All of the data must be written out verbatim, with pictures excluded.

#### Dataset excerpts:
--

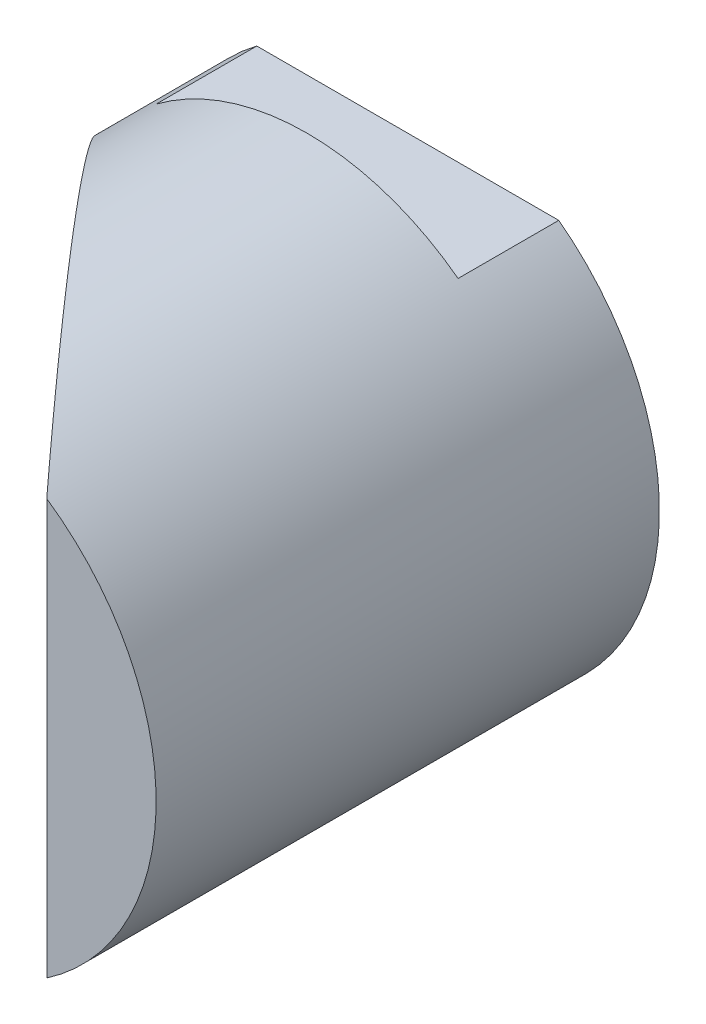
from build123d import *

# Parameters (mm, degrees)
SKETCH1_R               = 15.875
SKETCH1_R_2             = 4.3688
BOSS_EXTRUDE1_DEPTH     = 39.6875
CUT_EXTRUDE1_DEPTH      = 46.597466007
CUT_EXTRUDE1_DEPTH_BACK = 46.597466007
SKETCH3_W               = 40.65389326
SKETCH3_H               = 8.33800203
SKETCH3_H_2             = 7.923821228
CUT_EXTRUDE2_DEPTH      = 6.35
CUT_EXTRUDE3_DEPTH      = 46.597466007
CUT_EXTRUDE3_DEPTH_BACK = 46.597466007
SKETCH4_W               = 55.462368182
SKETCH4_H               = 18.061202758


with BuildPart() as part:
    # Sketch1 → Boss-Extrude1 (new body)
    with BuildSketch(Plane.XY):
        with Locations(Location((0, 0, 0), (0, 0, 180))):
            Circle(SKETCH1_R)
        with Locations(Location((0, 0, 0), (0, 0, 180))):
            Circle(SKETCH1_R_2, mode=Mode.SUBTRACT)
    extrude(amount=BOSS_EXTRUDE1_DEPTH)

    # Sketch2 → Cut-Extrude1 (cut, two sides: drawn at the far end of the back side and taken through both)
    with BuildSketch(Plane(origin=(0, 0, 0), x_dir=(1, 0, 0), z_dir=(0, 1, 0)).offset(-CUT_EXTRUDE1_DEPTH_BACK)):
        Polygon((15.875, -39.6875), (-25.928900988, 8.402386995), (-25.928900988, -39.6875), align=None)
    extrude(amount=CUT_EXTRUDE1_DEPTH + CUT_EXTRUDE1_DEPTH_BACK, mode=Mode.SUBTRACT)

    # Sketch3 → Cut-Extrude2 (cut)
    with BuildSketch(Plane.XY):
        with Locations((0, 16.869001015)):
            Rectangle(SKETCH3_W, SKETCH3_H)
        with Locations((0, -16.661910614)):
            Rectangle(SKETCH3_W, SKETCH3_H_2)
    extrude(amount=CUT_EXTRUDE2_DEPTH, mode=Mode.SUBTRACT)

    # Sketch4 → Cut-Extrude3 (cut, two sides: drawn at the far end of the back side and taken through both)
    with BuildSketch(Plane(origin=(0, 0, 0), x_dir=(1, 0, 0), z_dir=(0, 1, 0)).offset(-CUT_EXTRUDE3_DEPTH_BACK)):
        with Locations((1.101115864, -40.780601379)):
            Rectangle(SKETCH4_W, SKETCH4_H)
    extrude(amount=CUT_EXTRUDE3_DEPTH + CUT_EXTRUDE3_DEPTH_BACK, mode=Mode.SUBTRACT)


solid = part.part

--

#### Exercise answer:
from build123d import *

# Parameters (mm, degrees)
SKETCH1_R               = 15.875
SKETCH1_R_2             = 4.3688
BOSS_EXTRUDE1_DEPTH     = 39.6875
CUT_EXTRUDE1_DEPTH      = 46.597466007
CUT_EXTRUDE1_DEPTH_BACK = 46.597466007
SKETCH3_W               = 40.65389326
SKETCH3_H               = 8.33800203
SKETCH3_H_2             = 7.923821228
CUT_EXTRUDE2_DEPTH      = 6.35
CUT_EXTRUDE3_DEPTH      = 46.597466007
CUT_EXTRUDE3_DEPTH_BACK = 46.597466007
SKETCH4_W               = 55.462368182
SKETCH4_H               = 18.061202758


with BuildPart() as part:
    # Sketch1 → Boss-Extrude1 (new body)
    with BuildSketch(Plane.XY):
        with Locations(Location((0, 0, 0), (0, 0, 180))):
            Circle(SKETCH1_R)
        with Locations(Location((0, 0, 0), (0, 0, 180))):
            Circle(SKETCH1_R_2, mode=Mode.SUBTRACT)
    extrude(amount=BOSS_EXTRUDE1_DEPTH)

    # Sketch2 → Cut-Extrude1 (cut, two sides: drawn at the far end of the back side and taken through both)
    with BuildSketch(Plane(origin=(0, 0, 0), x_dir=(1, 0, 0), z_dir=(0, 1, 0)).offset(-CUT_EXTRUDE1_DEPTH_BACK)):
        Polygon((15.875, -39.6875), (-25.928900988, 8.402386995), (-25.928900988, -39.6875), align=None)
    extrude(amount=CUT_EXTRUDE1_DEPTH + CUT_EXTRUDE1_DEPTH_BACK, mode=Mode.SUBTRACT)

    # Sketch3 → Cut-Extrude2 (cut)
    with BuildSketch(Plane.XY):
        with Locations((0, 16.869001015)):
            Rectangle(SKETCH3_W, SKETCH3_H)
        with Locations((0, -16.661910614)):
            Rectangle(SKETCH3_W, SKETCH3_H_2)
    extrude(amount=CUT_EXTRUDE2_DEPTH, mode=Mode.SUBTRACT)

    # Sketch4 → Cut-Extrude3 (cut, two sides: drawn at the far end of the back side and taken through both)
    with BuildSketch(Plane(origin=(0, 0, 0), x_dir=(1, 0, 0), z_dir=(0, 1, 0)).offset(-CUT_EXTRUDE3_DEPTH_BACK)):
        with Locations((1.101115864, -40.780601379)):
            Rectangle(SKETCH4_W, SKETCH4_H)
    extrude(amount=CUT_EXTRUDE3_DEPTH + CUT_EXTRUDE3_DEPTH_BACK, mode=Mode.SUBTRACT)


solid = part.part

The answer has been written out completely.